**About this task**:
Look through the records that follow. Copy every line containing the word "blind".

** Provided records follows **

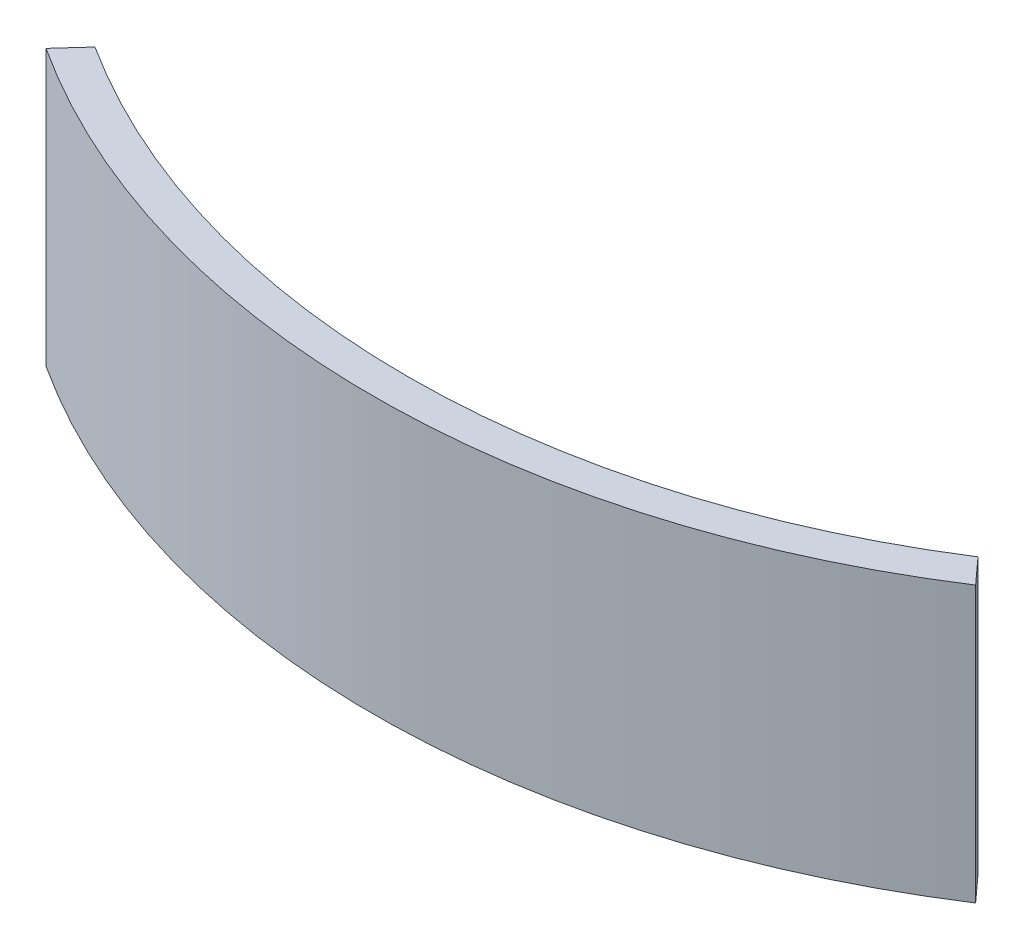
SolidWorks part; units mm, degrees
ref_plane "Front" through (0, 0, 0) normal (0, 0, 1) x (1, 0, 0)
ref_plane "Top" through (0, 0, 0) normal (0, 1, 0) x (1, 0, 0)
ref_plane "Right" through (0, 0, 0) normal (1, 0, 0) x (0, 0, -1)
sketch "Sketch1" plane through (0, 0, 0) normal (0, 1, 0) x (1, 0, 0)
  line L2 (0, 0) -> (0, -125) construction
  line L3 (-68.0341, -104.8635) -> (-64.63, -101.1087)
  line L4 (68.0341, -104.8635) -> (64.63, -101.1087)
  arc A0 (-68.0341, -104.8635) -> (68.0341, -104.8635) centre (0, 0) ccw
  arc A1 (-64.63, -101.1087) -> (64.63, -101.1087) centre (0, 0) ccw
  arc A2 (-65.3128, -100.669) -> (65.3128, -100.669) centre (0, 0) ccw construction
  dimension "D1" = 250
  dimension "D4" = 5
extrude "Boss-Extrude1" add sketch "Sketch1" along normal blind 40.3
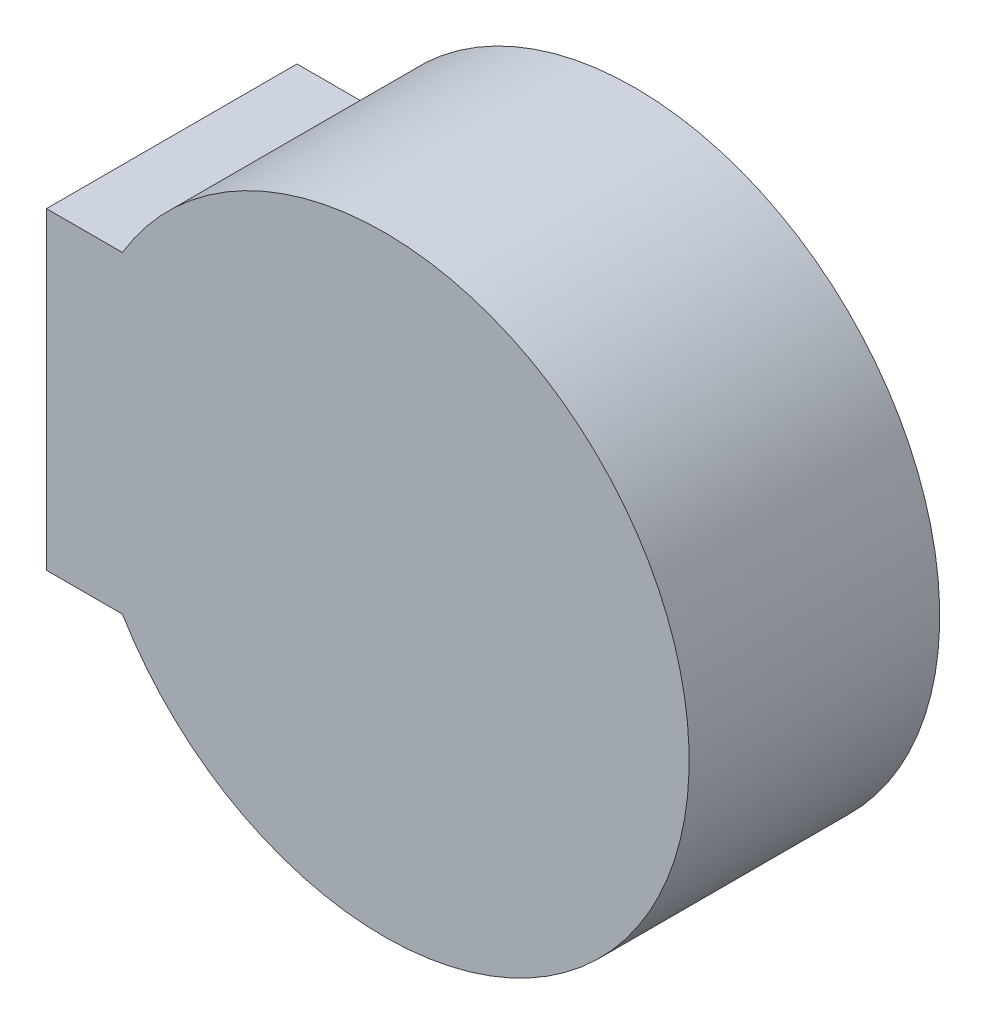
SolidWorks part; units mm, degrees
ref_plane "Front Plane" through (0, 0, 0) normal (0, 0, 1) x (1, 0, 0)
ref_plane "Top Plane" through (0, 0, 0) normal (0, 1, 0) x (1, 0, 0)
ref_plane "Right Plane" through (0, 0, 0) normal (1, 0, 0) x (0, 0, -1)
sketch "Sketch1" plane through (0, 0, 0) normal (0, 0, 1) x (1, 0, 0)
  circle A0 centre (0, 0) radius 14.224
  dimension "D1" = 28.448
extrude "Boss-Extrude1" add sketch "Sketch1" along normal blind 11.684
sketch "Sketch2" plane through (0, 0, 11.684) normal (0, 0, 1) x (1, 0, 0)
  line L0 (-15.748, 0) -> (0, 0) construction
  line L2 (-15.748, 7.3025) -> (-4.8856, 7.3025)
  line L3 (-15.748, 7.3025) -> (-15.748, -7.3025)
  line L4 (-15.748, -7.3025) -> (-4.8856, -7.3025)
  line L5 (-4.8856, 7.3025) -> (-4.8856, -7.3025)
  circle A0 centre (0, 0) radius 14.224 construction
  dimension "D1" = 15.748
  dimension "D2" = 14.605
extrude "Boss-Extrude2" add sketch "Sketch2" against normal up to surface (11.684 mm away) up to face at (14.224, 0, 0)
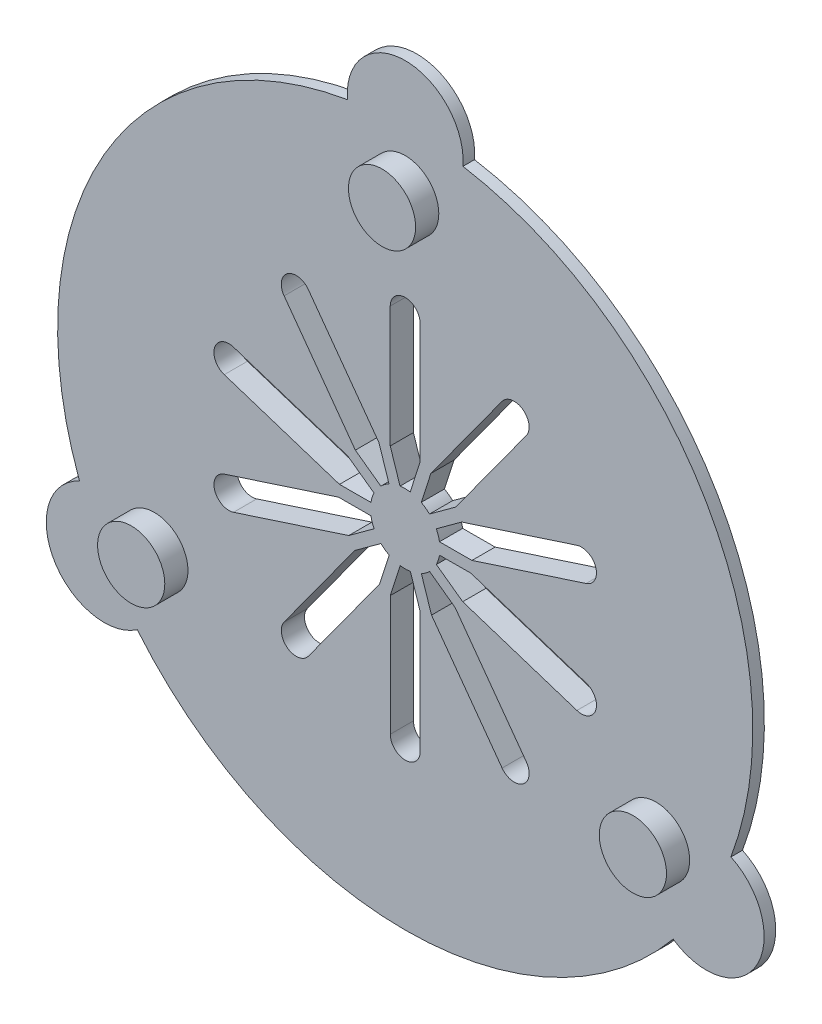
SolidWorks part; units mm, degrees
ref_plane "Спереди" through (0, 0, 0) normal (0, 0, 1) x (1, 0, 0)
ref_plane "Сверху" through (0, 0, 0) normal (0, 1, 0) x (1, 0, 0)
ref_plane "Справа" through (0, 0, 0) normal (1, 0, 0) x (0, 0, -1)
sketch "Sketch1" plane through (0, 0, 0) normal (0, 0, 1) x (1, 0, 0)
  line L0 (3.9, 6.755) -> (7.8, 0) construction
  line L2 (5.85, 10.1325) -> (11.7, 0) construction
  line L4 (7.8, 13.51) -> (15.6, 0) construction
  circle A61 centre (0, 0) radius 20
  circle A131 centre (0, 0) radius 1.25
  circle A484 centre (3.9, 0) radius 1.25
  circle A485 centre (7.8, 0) radius 1.25
  circle A486 centre (11.7, 0) radius 1.25
  circle A487 centre (15.6, 0) radius 1.25
  circle A488 centre (1.95, -3.3775) radius 1.25
  circle A489 centre (3.9, -6.755) radius 1.25
  circle A490 centre (5.85, -10.1325) radius 1.25
  circle A491 centre (7.8, -13.51) radius 1.25
  circle A492 centre (-1.95, -3.3775) radius 1.25
  circle A493 centre (-3.9, -6.755) radius 1.25
  circle A494 centre (-5.85, -10.1325) radius 1.25
  circle A495 centre (-7.8, -13.51) radius 1.25
  circle A496 centre (-3.9, 0) radius 1.25
  circle A497 centre (-7.8, 0) radius 1.25
  circle A498 centre (-11.7, 0) radius 1.25
  circle A499 centre (-15.6, 0) radius 1.25
  circle A500 centre (-1.95, 3.3775) radius 1.25
  circle A501 centre (-3.9, 6.755) radius 1.25
  circle A502 centre (-5.85, 10.1325) radius 1.25
  circle A503 centre (-7.8, 13.51) radius 1.25
  circle A504 centre (1.95, 3.3775) radius 1.25
  circle A505 centre (3.9, 6.755) radius 1.25
  circle A506 centre (5.85, 10.1325) radius 1.25
  circle A507 centre (7.8, 13.51) radius 1.25
  circle A508 centre (5.85, 3.3775) radius 1.25
  circle A509 centre (7.8, 6.755) radius 1.25
  circle A510 centre (9.75, 3.3775) radius 1.25
  circle A511 centre (11.7, 6.755) radius 1.25
  circle A512 centre (9.7491, 10.1341) radius 1.25
  circle A513 centre (13.6509, 3.3759) radius 1.25
  circle A514 centre (5.85, -3.3791) radius 1.25
  circle A515 centre (9.75, -3.3791) radius 1.25
  circle A516 centre (7.8, -6.7566) radius 1.25
  circle A517 centre (11.7, -6.7566) radius 1.25
  circle A518 centre (9.7491, -10.1356) radius 1.25
  circle A519 centre (13.6509, -3.3775) radius 1.25
  circle A520 centre (-0.0013, -6.7573) radius 1.25
  circle A521 centre (1.9487, -10.1348) radius 1.25
  circle A522 centre (-1.9513, -10.1348) radius 1.25
  circle A523 centre (-0.0013, -13.5123) radius 1.25
  circle A524 centre (-3.9032, -13.5123) radius 1.25
  circle A525 centre (3.9005, -13.5123) radius 1.25
  circle A526 centre (-5.8527, -3.3791) radius 1.25
  circle A527 centre (-7.8027, -6.7566) radius 1.25
  circle A528 centre (-9.7527, -3.3791) radius 1.25
  circle A529 centre (-11.7027, -6.7566) radius 1.25
  circle A530 centre (-13.6536, -3.3775) radius 1.25
  circle A531 centre (-9.7518, -10.1356) radius 1.25
  circle A532 centre (-5.8527, 3.3775) radius 1.25
  circle A533 centre (-9.7527, 3.3775) radius 1.25
  circle A534 centre (-7.8027, 6.755) radius 1.25
  circle A535 centre (-11.7027, 6.755) radius 1.25
  circle A536 centre (-9.7518, 10.1341) radius 1.25
  circle A537 centre (-13.6536, 3.3759) radius 1.25
  circle A538 centre (-0.0014, 6.7558) radius 1.25
  circle A539 centre (-1.9514, 10.1333) radius 1.25
  circle A540 centre (1.9486, 10.1333) radius 1.25
  circle A541 centre (-0.0014, 13.5108) radius 1.25
  circle A542 centre (3.9005, 13.5108) radius 1.25
  circle A543 centre (-3.9032, 13.5108) radius 1.25
  circle A544 centre (13.65, -1.1258) radius 2.2517 construction
  circle A545 centre (11.7009, -4.5044) radius 2.2522 construction
  circle A546 centre (9.75, -7.8834) radius 2.2522 construction
  circle A547 centre (7.7987, -11.2591) radius 2.2509 construction
  circle A548 centre (13.65, -1.1258) radius 0.65
  circle A549 centre (11.7009, -4.5044) radius 0.65
  circle A550 centre (9.75, -7.8834) radius 0.65
  circle A551 centre (7.7987, -11.2591) radius 0.65
  circle A552 centre (9.75, -1.1258) radius 0.65
  circle A553 centre (7.8009, -4.5044) radius 0.65
  circle A554 centre (5.85, -7.8834) radius 0.65
  circle A555 centre (3.8987, -11.2591) radius 0.65
  circle A556 centre (5.85, -1.1258) radius 0.65
  circle A557 centre (3.9009, -4.5044) radius 0.65
  circle A558 centre (1.95, -7.8834) radius 0.65
  circle A559 centre (-0.0013, -11.2591) radius 0.65
  circle A560 centre (1.95, -1.1258) radius 0.65
  circle A561 centre (0.0009, -4.5044) radius 0.65
  circle A562 centre (-1.95, -7.8834) radius 0.65
  circle A563 centre (-3.9013, -11.2591) radius 0.65
  circle A564 centre (-1.95, -1.1258) radius 0.65
  circle A565 centre (-3.8991, -4.5044) radius 0.65
  circle A566 centre (-5.85, -7.8834) radius 0.65
  circle A567 centre (-7.8013, -11.2591) radius 0.65
  circle A568 centre (-5.85, -1.1258) radius 0.65
  circle A569 centre (-7.7991, -4.5044) radius 0.65
  circle A570 centre (-9.75, -7.8834) radius 0.65
  circle A572 centre (-9.75, -1.1258) radius 0.65
  circle A573 centre (-11.6991, -4.5044) radius 0.65
  circle A576 centre (-13.65, -1.1258) radius 0.65
  circle A587 centre (0, 2.2517) radius 2.2517 construction
  circle A588 centre (0, 2.2517) radius 0.65
  circle A589 centre (3.9, 2.2517) radius 0.65
  circle A590 centre (7.8, 2.2517) radius 0.65
  circle A591 centre (11.7, 2.2517) radius 0.65
  circle A592 centre (15.6, 2.2517) radius 0.65
  circle A593 centre (1.9491, 5.6297) radius 2.2522 construction
  circle A594 centre (1.9491, 5.6297) radius 0.65
  circle A595 centre (5.8491, 5.6297) radius 0.65
  circle A596 centre (9.7491, 5.6297) radius 0.65
  circle A597 centre (13.6491, 5.6297) radius 0.65
  circle A598 centre (3.8991, 9.0072) radius 2.2522 construction
  circle A599 centre (3.8991, 9.0072) radius 0.65
  circle A600 centre (7.7991, 9.0072) radius 0.65
  circle A601 centre (11.6991, 9.0072) radius 0.65
  circle A602 centre (5.85, 12.3842) radius 2.2517 construction
  circle A603 centre (5.85, 12.3842) radius 0.65
  circle A604 centre (9.75, 12.3842) radius 0.65
  circle A605 centre (5.85, -14.6358) radius 0.65
  circle A606 centre (1.9509, -14.6353) radius 0.65
  circle A607 centre (-1.9491, -14.6353) radius 0.65
  circle A608 centre (-5.85, -14.6358) radius 0.65
  circle A609 centre (-15.6, 2.2517) radius 0.65
  circle A610 centre (-13.65, 5.6281) radius 0.65
  circle A611 centre (-11.7, 9.0056) radius 0.65
  circle A612 centre (-9.75, 12.3842) radius 0.65
  circle A613 centre (-5.85, 12.3842) radius 0.65
  circle A614 centre (-1.95, 12.3842) radius 0.65
  circle A615 centre (1.95, 12.3842) radius 0.65
  circle A616 centre (-7.8, 9.0056) radius 0.65
  circle A617 centre (-9.75, 5.6281) radius 0.65
  circle A618 centre (-11.7, 2.2517) radius 0.65
  circle A619 centre (-3.9, 9.0056) radius 0.65
  circle A620 centre (-5.85, 5.6281) radius 0.65
  circle A621 centre (-7.8, 2.2517) radius 0.65
  circle A622 centre (0, 9.0056) radius 0.65
  circle A623 centre (-1.95, 5.6281) radius 0.65
  circle A624 centre (-3.9, 2.2517) radius 0.65
  circle A625 centre (-15.5991, -4.5044) radius 0.65
  circle A626 centre (-13.65, -7.8834) radius 0.65
  circle A627 centre (-17.55, -7.8834) radius 0.65
  circle A628 centre (-19.5013, -11.2591) radius 0.65
  circle A629 centre (-15.6013, -11.2591) radius 0.65
  circle A630 centre (-11.7013, -11.2591) radius 0.65
  point P51 (0, 0)
  point P125 (-0.0013, -0.0008)
  point P231 (0, 0)
  dimension "D1" = 5
  dimension "D3" = 6
  dimension "D5" = 8
  dimension "D7" = 4
  dimension "D11" = 4
  dimension "D2" = 6
  dimension "D6" = 5
  dimension "D8" = 3
  dimension "D9" = 2
  dimension "D4" = 1.3
  dimension "D10" = 3
ref_plane "Plane1" through (0, 0, 10) normal (0, 0, 1) x (1, 0, 0)
sketch "Sketch2" plane through (0, 0, 10) normal (0, 0, 1) x (1, 0, 0)
  line L0 (-0.0032, 16) -> (0, 0) construction
  line L1 (1.2877, 16.0003) -> (1.2909, 0.0003)
  line L2 (-1.2941, 15.9997) -> (-1.2909, -0.0003)
  line L3 (8.3575, 13.7047) -> (-1.0445, 0.7585)
  line L4 (10.4465, 12.1876) -> (1.0445, -0.7585)
  line L5 (9.402, 12.9462) -> (0, 0) construction
  line L6 (14.8168, 6.1749) -> (-0.3991, 1.2276)
  line L7 (15.6151, 3.7197) -> (0.3991, -1.2276)
  line L8 (15.2159, 4.9473) -> (0, 0) construction
  line L9 (15.6165, -3.7135) -> (0.3987, 1.2278)
  line L10 (14.8192, -6.169) -> (-0.3987, -1.2278)
  line L11 (15.2179, -4.9412) -> (0, 0) construction
  line L12 (10.4513, -12.1834) -> (1.0442, 0.759)
  line L13 (8.363, -13.7014) -> (-1.0442, -0.759)
  line L14 (9.4072, -12.9424) -> (0, 0) construction
  line L15 (1.2941, -15.9997) -> (1.2909, 0.0003)
  line L16 (-1.2877, -16.0003) -> (-1.2909, -0.0003)
  line L17 (0.0032, -16) -> (0, 0) construction
  line L18 (-8.3575, -13.7047) -> (1.0445, -0.7585)
  line L19 (-10.4465, -12.1876) -> (-1.0445, 0.7585)
  line L20 (-9.402, -12.9462) -> (0, 0) construction
  line L21 (-14.8168, -6.1749) -> (0.3991, -1.2276)
  line L22 (-15.6151, -3.7197) -> (-0.3991, 1.2276)
  line L23 (-15.2159, -4.9473) -> (0, 0) construction
  line L24 (-15.6165, 3.7135) -> (-0.3987, -1.2278)
  line L25 (-14.8192, 6.169) -> (0.3987, 1.2278)
  line L26 (-15.2179, 4.9412) -> (0, 0) construction
  line L27 (-10.4513, 12.1834) -> (-1.0442, -0.759)
  line L28 (-8.363, 13.7014) -> (1.0442, 0.759)
  line L29 (-9.4072, 12.9424) -> (0, 0) construction
  circle A52 centre (0, 0) radius 16.85 construction
  circle A53 centre (0, 0) radius 18.85
  arc A54 (1.2877, 16.0003) -> (-1.2941, 15.9997) centre (-0.0032, 16) ccw
  arc A55 (-1.2909, -0.0003) -> (1.2909, 0.0003) centre (0, 0) ccw
  arc A56 (10.4465, 12.1876) -> (8.3575, 13.7047) centre (9.402, 12.9462) ccw
  arc A57 (-1.0445, 0.7585) -> (1.0445, -0.7585) centre (0, 0) ccw
  arc A58 (15.6151, 3.7197) -> (14.8168, 6.1749) centre (15.2159, 4.9473) ccw
  arc A59 (-0.3991, 1.2276) -> (0.3991, -1.2276) centre (0, 0) ccw
  arc A60 (14.8192, -6.169) -> (15.6165, -3.7135) centre (15.2179, -4.9412) ccw
  arc A61 (0.3987, 1.2278) -> (-0.3987, -1.2278) centre (0, 0) ccw
  arc A62 (8.363, -13.7014) -> (10.4513, -12.1834) centre (9.4072, -12.9424) ccw
  arc A63 (1.0442, 0.759) -> (-1.0442, -0.759) centre (0, 0) ccw
  arc A64 (-1.2877, -16.0003) -> (1.2941, -15.9997) centre (0.0032, -16) ccw
  arc A65 (1.2909, 0.0003) -> (-1.2909, -0.0003) centre (0, 0) ccw
  arc A66 (-10.4465, -12.1876) -> (-8.3575, -13.7047) centre (-9.402, -12.9462) ccw
  arc A67 (1.0445, -0.7585) -> (-1.0445, 0.7585) centre (0, 0) ccw
  arc A68 (-15.6151, -3.7197) -> (-14.8168, -6.1749) centre (-15.2159, -4.9473) ccw
  arc A69 (0.3991, -1.2276) -> (-0.3991, 1.2276) centre (0, 0) ccw
  arc A70 (-14.8192, 6.169) -> (-15.6165, 3.7135) centre (-15.2179, 4.9412) ccw
  arc A71 (-0.3987, -1.2278) -> (0.3987, 1.2278) centre (0, 0) ccw
  arc A72 (-8.363, 13.7014) -> (-10.4513, 12.1834) centre (-9.4072, 12.9424) ccw
  arc A73 (-1.0442, -0.759) -> (1.0442, 0.759) centre (0, 0) ccw
  point P1 (-0.0016, 8)
  point P9 (4.701, 6.4731)
  point P15 (7.608, 2.4737)
  point P21 (7.6089, -2.4706)
  point P27 (4.7036, -6.4712)
  point P33 (0.0016, -8)
  point P39 (-4.701, -6.4731)
  point P45 (-7.608, -2.4737)
  point P51 (-7.6089, 2.4706)
  point P57 (-4.7036, 6.4712)
  point P62 (0, 0)
extrude "Boss-Extrude1" add sketch "Sketch2" along normal blind 2 contours A53 A72 L28 L2 A54 L1 L3 A56 L4 L6 A58 L7 L9 A60 L10 L12 A62 L13 L15 A64 L16 L18 A66 L19 L21 A68 L22 L24 A70 L25 L27
sketch "Sketch3" plane through (0, 0, 12) normal (0, 0, 1) x (1, 0, 0)
  circle A0 centre (0, 0) radius 17.6
  circle A1 centre (0, 0) radius 30
  circle M33 centre (0, 0) radius 18.85
extrude "Boss-Extrude2" add sketch "Sketch3" against normal blind 1 contours A1 M33
sketch "Sketch4" plane through (0, 0, 12) normal (0, 0, 1) x (1, 0, 0)
  circle A0 centre (0, 0) radius 25 construction
  circle A1 centre (0, 25) radius 2.9
  circle A2 centre (21.6506, -12.5) radius 2.9
  circle A3 centre (-21.6506, -12.5) radius 2.9
  point P11 (0, 0)
  dimension "D1" = 3
extrude "Boss-Extrude3" add sketch "Sketch4" along normal blind 2
sketch "Sketch6" plane through (0, 0, 11) normal (0, 0, -1) x (-1, 0, 0)
  circle A0 centre (0, 30) radius 5
  circle A2 centre (25.9808, -15) radius 5
  circle A3 centre (-25.9808, -15) radius 5
  point P10 (0, 0)
  dimension "D1" = 3
extrude "Boss-Extrude4" add sketch "Sketch6" against normal blind 1
sketch "Sketch5" plane through (0, 0, 10) normal (0, 0, -1) x (-1, 0, 0)
  circle A0 centre (0, 25) radius 3
  circle A1 centre (21.6506, -12.5) radius 3
  circle A2 centre (-21.6506, -12.5) radius 3
sketch "Sketch9" plane through (0, 0, 0) normal (0, 0, 1) x (1, 0, 0)
  line L0 (-7.8, 13.51) -> (-7.8027, 6.755) construction
  line L1 (-9.7518, 10.1341) -> (-5.85, 10.1325) construction
  line L2 (-7.8008, 11.6325) -> (-7.8019, 8.6325) construction
  line L3 (-6.8008, 11.6321) -> (-6.8019, 8.6321)
  line L4 (-8.8008, 11.6329) -> (-8.8019, 8.6329)
  line L5 (-4.9008, 11.6329) -> (-4.9019, 8.6329)
  line L6 (-2.9008, 11.6321) -> (-2.9019, 8.6321)
  line L7 (-3.9008, 11.6325) -> (-3.9019, 8.6325) construction
  line L8 (-1.0008, 11.6329) -> (-1.0019, 8.6329)
  line L9 (0.9992, 11.6321) -> (0.9981, 8.6321)
  line L10 (-0.0008, 11.6325) -> (-0.0019, 8.6325) construction
  line L11 (2.8992, 11.6329) -> (2.8981, 8.6329)
  line L12 (4.8992, 11.6321) -> (4.8981, 8.6321)
  line L13 (3.8992, 11.6325) -> (3.8981, 8.6325) construction
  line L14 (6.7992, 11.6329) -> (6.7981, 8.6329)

** End of Provided records **

**Answer space**:
extrude "Boss-Extrude1" add sketch "Sketch1" along normal blind 40.3
extrude "Boss-Extrude1" add sketch "Sketch1" along normal blind 11.684
extrude "Boss-Extrude1" add sketch "Sketch2" along normal blind 2 contours A53 A72 L28 L2 A54 L1 L3 A56 L4 L6 A58 L7 L9 A60 L10 L12 A62 L13 L15 A64 L16 L18 A66 L19 L21 A68 L22 L24 A70 L25 L27
extrude "Boss-Extrude2" add sketch "Sketch3" against normal blind 1 contours A1 M33
extrude "Boss-Extrude3" add sketch "Sketch4" along normal blind 2
extrude "Boss-Extrude4" add sketch "Sketch6" against normal blind 1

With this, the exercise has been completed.